■ YOUR ASSIGNMENT: Once the line containing "#128=EDGE_CURVE('E41',#127,#127,#125,.T.);" is found in the records below, return it and each following line exactly, up to and including the line containing "#141=MANIFOLD_SOLID_BREP('B2',#140);", and nothing else.

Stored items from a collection
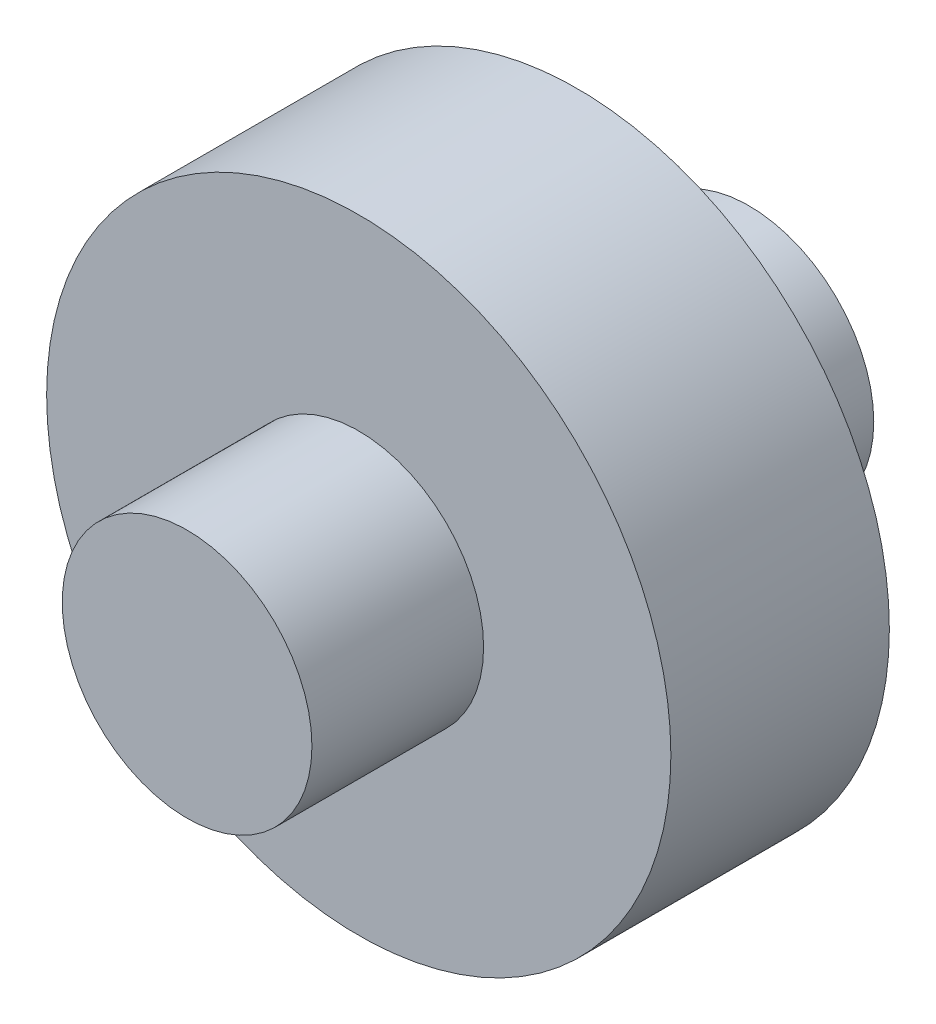
ISO-10303-21;
HEADER;
FILE_DESCRIPTION(('STEP AP214'),'2;1');
FILE_NAME('part.step','',(''),(''),'','','');
FILE_SCHEMA(('AUTOMOTIVE_DESIGN { 1 0 10303 214 1 1 1 1 }'));
ENDSEC;
DATA;
#1=APPLICATION_CONTEXT('core data for automotive mechanical design processes');
#2=APPLICATION_PROTOCOL_DEFINITION('international standard','automotive_design',2000,#1);
#3=PRODUCT_CONTEXT('',#1,'mechanical');
#4=PRODUCT('Part','Part','',(#3));
#5=PRODUCT_RELATED_PRODUCT_CATEGORY('part','',(#4));
#6=PRODUCT_DEFINITION_FORMATION('','',#4);
#7=PRODUCT_DEFINITION_CONTEXT('part definition',#1,'design');
#8=PRODUCT_DEFINITION('design','',#6,#7);
#9=PRODUCT_DEFINITION_SHAPE('','',#8);
#10=(LENGTH_UNIT() NAMED_UNIT(*) SI_UNIT(.MILLI.,.METRE.));
#11=(NAMED_UNIT(*) PLANE_ANGLE_UNIT() SI_UNIT($,.RADIAN.));
#12=(NAMED_UNIT(*) SI_UNIT($,.STERADIAN.) SOLID_ANGLE_UNIT());
#13=UNCERTAINTY_MEASURE_WITH_UNIT(LENGTH_MEASURE(1.E-05),#10,'distance_accuracy_value','');
#14=(GEOMETRIC_REPRESENTATION_CONTEXT(3) GLOBAL_UNCERTAINTY_ASSIGNED_CONTEXT((#13)) GLOBAL_UNIT_ASSIGNED_CONTEXT((#10,
#11,#12)) REPRESENTATION_CONTEXT('',''));
#15=CARTESIAN_POINT('',(0.,0.,0.));
#16=DIRECTION('',(0.,0.,1.));
#17=DIRECTION('',(1.,0.,0.));
#18=AXIS2_PLACEMENT_3D('',#15,#16,#17);
#19=CARTESIAN_POINT('',(0.,0.,9.));
#20=DIRECTION('',(0.,0.,-1.));
#21=DIRECTION('',(-1.,0.,0.));
#22=AXIS2_PLACEMENT_3D('',#19,#20,#21);
#23=CYLINDRICAL_SURFACE('',#22,4.);
#24=CARTESIAN_POINT('',(0.,0.,3.5));
#25=DIRECTION('',(0.,0.,1.));
#26=DIRECTION('',(1.,0.,0.));
#27=AXIS2_PLACEMENT_3D('',#24,#25,#26);
#28=CIRCLE('',#27,4.);
#29=CARTESIAN_POINT('',(4.,0.,3.5));
#30=VERTEX_POINT('',#29);
#31=EDGE_CURVE('E51',#30,#30,#28,.T.);
#32=ORIENTED_EDGE('',*,*,#31,.T.);
#33=EDGE_LOOP('',(#32));
#34=FACE_BOUND('',#33,.T.);
#35=CARTESIAN_POINT('',(0.,0.,9.));
#36=DIRECTION('',(0.,0.,1.));
#37=DIRECTION('',(1.,0.,0.));
#38=AXIS2_PLACEMENT_3D('',#35,#36,#37);
#39=CIRCLE('',#38,4.);
#40=CARTESIAN_POINT('',(4.,0.,9.));
#41=VERTEX_POINT('',#40);
#42=EDGE_CURVE('E37',#41,#41,#39,.T.);
#43=ORIENTED_EDGE('',*,*,#42,.F.);
#44=EDGE_LOOP('',(#43));
#45=FACE_BOUND('',#44,.T.);
#46=ADVANCED_FACE('F31',(#34,#45),#23,.T.);
#47=CARTESIAN_POINT('',(0.,0.,9.));
#48=DIRECTION('',(0.,0.,1.));
#49=DIRECTION('',(1.,0.,0.));
#50=AXIS2_PLACEMENT_3D('',#47,#48,#49);
#51=PLANE('',#50);
#52=ORIENTED_EDGE('',*,*,#42,.T.);
#53=EDGE_LOOP('',(#52));
#54=FACE_BOUND('',#53,.T.);
#55=ADVANCED_FACE('F62',(#54),#51,.T.);
#56=CARTESIAN_POINT('',(0.,0.,3.5));
#57=DIRECTION('',(0.,0.,1.));
#58=DIRECTION('',(1.,0.,0.));
#59=AXIS2_PLACEMENT_3D('',#56,#57,#58);
#60=PLANE('',#59);
#61=CARTESIAN_POINT('',(0.,0.,3.5));
#62=DIRECTION('',(0.,0.,1.));
#63=DIRECTION('',(1.,0.,0.));
#64=AXIS2_PLACEMENT_3D('',#61,#62,#63);
#65=CIRCLE('',#64,10.);
#66=CARTESIAN_POINT('',(10.,0.,3.5));
#67=VERTEX_POINT('',#66);
#68=EDGE_CURVE('E46',#67,#67,#65,.T.);
#69=ORIENTED_EDGE('',*,*,#68,.T.);
#70=EDGE_LOOP('',(#69));
#71=FACE_BOUND('',#70,.T.);
#72=ORIENTED_EDGE('',*,*,#31,.F.);
#73=EDGE_LOOP('',(#72));
#74=FACE_BOUND('',#73,.T.);
#75=ADVANCED_FACE('F59',(#71,#74),#60,.T.);
#76=CARTESIAN_POINT('',(0.,0.,-3.5));
#77=DIRECTION('',(0.,0.,1.));
#78=DIRECTION('',(1.,0.,0.));
#79=AXIS2_PLACEMENT_3D('',#76,#77,#78);
#80=PLANE('',#79);
#81=CARTESIAN_POINT('',(0.,0.,-3.5));
#82=DIRECTION('',(0.,0.,1.));
#83=DIRECTION('',(1.,0.,0.));
#84=AXIS2_PLACEMENT_3D('',#81,#82,#83);
#85=CIRCLE('',#84,10.);
#86=CARTESIAN_POINT('',(10.,0.,-3.5));
#87=VERTEX_POINT('',#86);
#88=EDGE_CURVE('E48',#87,#87,#85,.T.);
#89=ORIENTED_EDGE('',*,*,#88,.F.);
#90=EDGE_LOOP('',(#89));
#91=FACE_BOUND('',#90,.T.);
#92=CARTESIAN_POINT('',(0.,0.,-3.5));
#93=DIRECTION('',(0.,0.,1.));
#94=DIRECTION('',(1.,0.,0.));
#95=AXIS2_PLACEMENT_3D('',#92,#93,#94);
#96=CIRCLE('',#95,4.);
#97=CARTESIAN_POINT('',(4.,0.,-3.5));
#98=VERTEX_POINT('',#97);
#99=EDGE_CURVE('E10',#98,#98,#96,.T.);
#100=ORIENTED_EDGE('',*,*,#99,.T.);
#101=EDGE_LOOP('',(#100));
#102=FACE_BOUND('',#101,.T.);
#103=ADVANCED_FACE('F61',(#91,#102),#80,.F.);
#104=CARTESIAN_POINT('',(0.,0.,3.5));
#105=DIRECTION('',(0.,0.,-1.));
#106=DIRECTION('',(-1.,0.,0.));
#107=AXIS2_PLACEMENT_3D('',#104,#105,#106);
#108=CYLINDRICAL_SURFACE('',#107,10.);
#109=ORIENTED_EDGE('',*,*,#68,.F.);
#110=EDGE_LOOP('',(#109));
#111=FACE_BOUND('',#110,.T.);
#112=ORIENTED_EDGE('',*,*,#88,.T.);
#113=EDGE_LOOP('',(#112));
#114=FACE_BOUND('',#113,.T.);
#115=ADVANCED_FACE('F69',(#111,#114),#108,.T.);
#116=CARTESIAN_POINT('',(0.,0.,-9.));
#117=DIRECTION('',(0.,0.,1.));
#118=DIRECTION('',(1.,0.,0.));
#119=AXIS2_PLACEMENT_3D('',#116,#117,#118);
#120=PLANE('',#119);
#121=CARTESIAN_POINT('',(0.,0.,-9.));
#122=DIRECTION('',(0.,0.,1.));
#123=DIRECTION('',(1.,0.,0.));
#124=AXIS2_PLACEMENT_3D('',#121,#122,#123);
#125=CIRCLE('',#124,4.);
#126=CARTESIAN_POINT('',(4.,0.,-9.));
#127=VERTEX_POINT('',#126);
#128=EDGE_CURVE('E41',#127,#127,#125,.T.);
#129=ORIENTED_EDGE('',*,*,#128,.F.);
#130=EDGE_LOOP('',(#129));
#131=FACE_BOUND('',#130,.T.);
#132=ADVANCED_FACE('F78',(#131),#120,.F.);
#133=ORIENTED_EDGE('',*,*,#128,.T.);
#134=EDGE_LOOP('',(#133));
#135=FACE_BOUND('',#134,.T.);
#136=ORIENTED_EDGE('',*,*,#99,.F.);
#137=EDGE_LOOP('',(#136));
#138=FACE_BOUND('',#137,.T.);
#139=ADVANCED_FACE('F74',(#135,#138),#23,.T.);
#140=CLOSED_SHELL('',(#46,#55,#75,#103,#115,#132,#139));
#141=MANIFOLD_SOLID_BREP('B2',#140);
#142=ADVANCED_BREP_SHAPE_REPRESENTATION('',(#18,#141),#14);
#143=SHAPE_DEFINITION_REPRESENTATION(#9,#142);
ENDSEC;
END-ISO-10303-21;

■ SOLUTION FOR THIS PROBLEM:
#128=EDGE_CURVE('E41',#127,#127,#125,.T.);
#129=ORIENTED_EDGE('',*,*,#128,.F.);
#130=EDGE_LOOP('',(#129));
#131=FACE_BOUND('',#130,.T.);
#132=ADVANCED_FACE('F78',(#131),#120,.F.);
#133=ORIENTED_EDGE('',*,*,#128,.T.);
#134=EDGE_LOOP('',(#133));
#135=FACE_BOUND('',#134,.T.);
#136=ORIENTED_EDGE('',*,*,#99,.F.);
#137=EDGE_LOOP('',(#136));
#138=FACE_BOUND('',#137,.T.);
#139=ADVANCED_FACE('F74',(#135,#138),#23,.T.);
#140=CLOSED_SHELL('',(#46,#55,#75,#103,#115,#132,#139));
#141=MANIFOLD_SOLID_BREP('B2',#140);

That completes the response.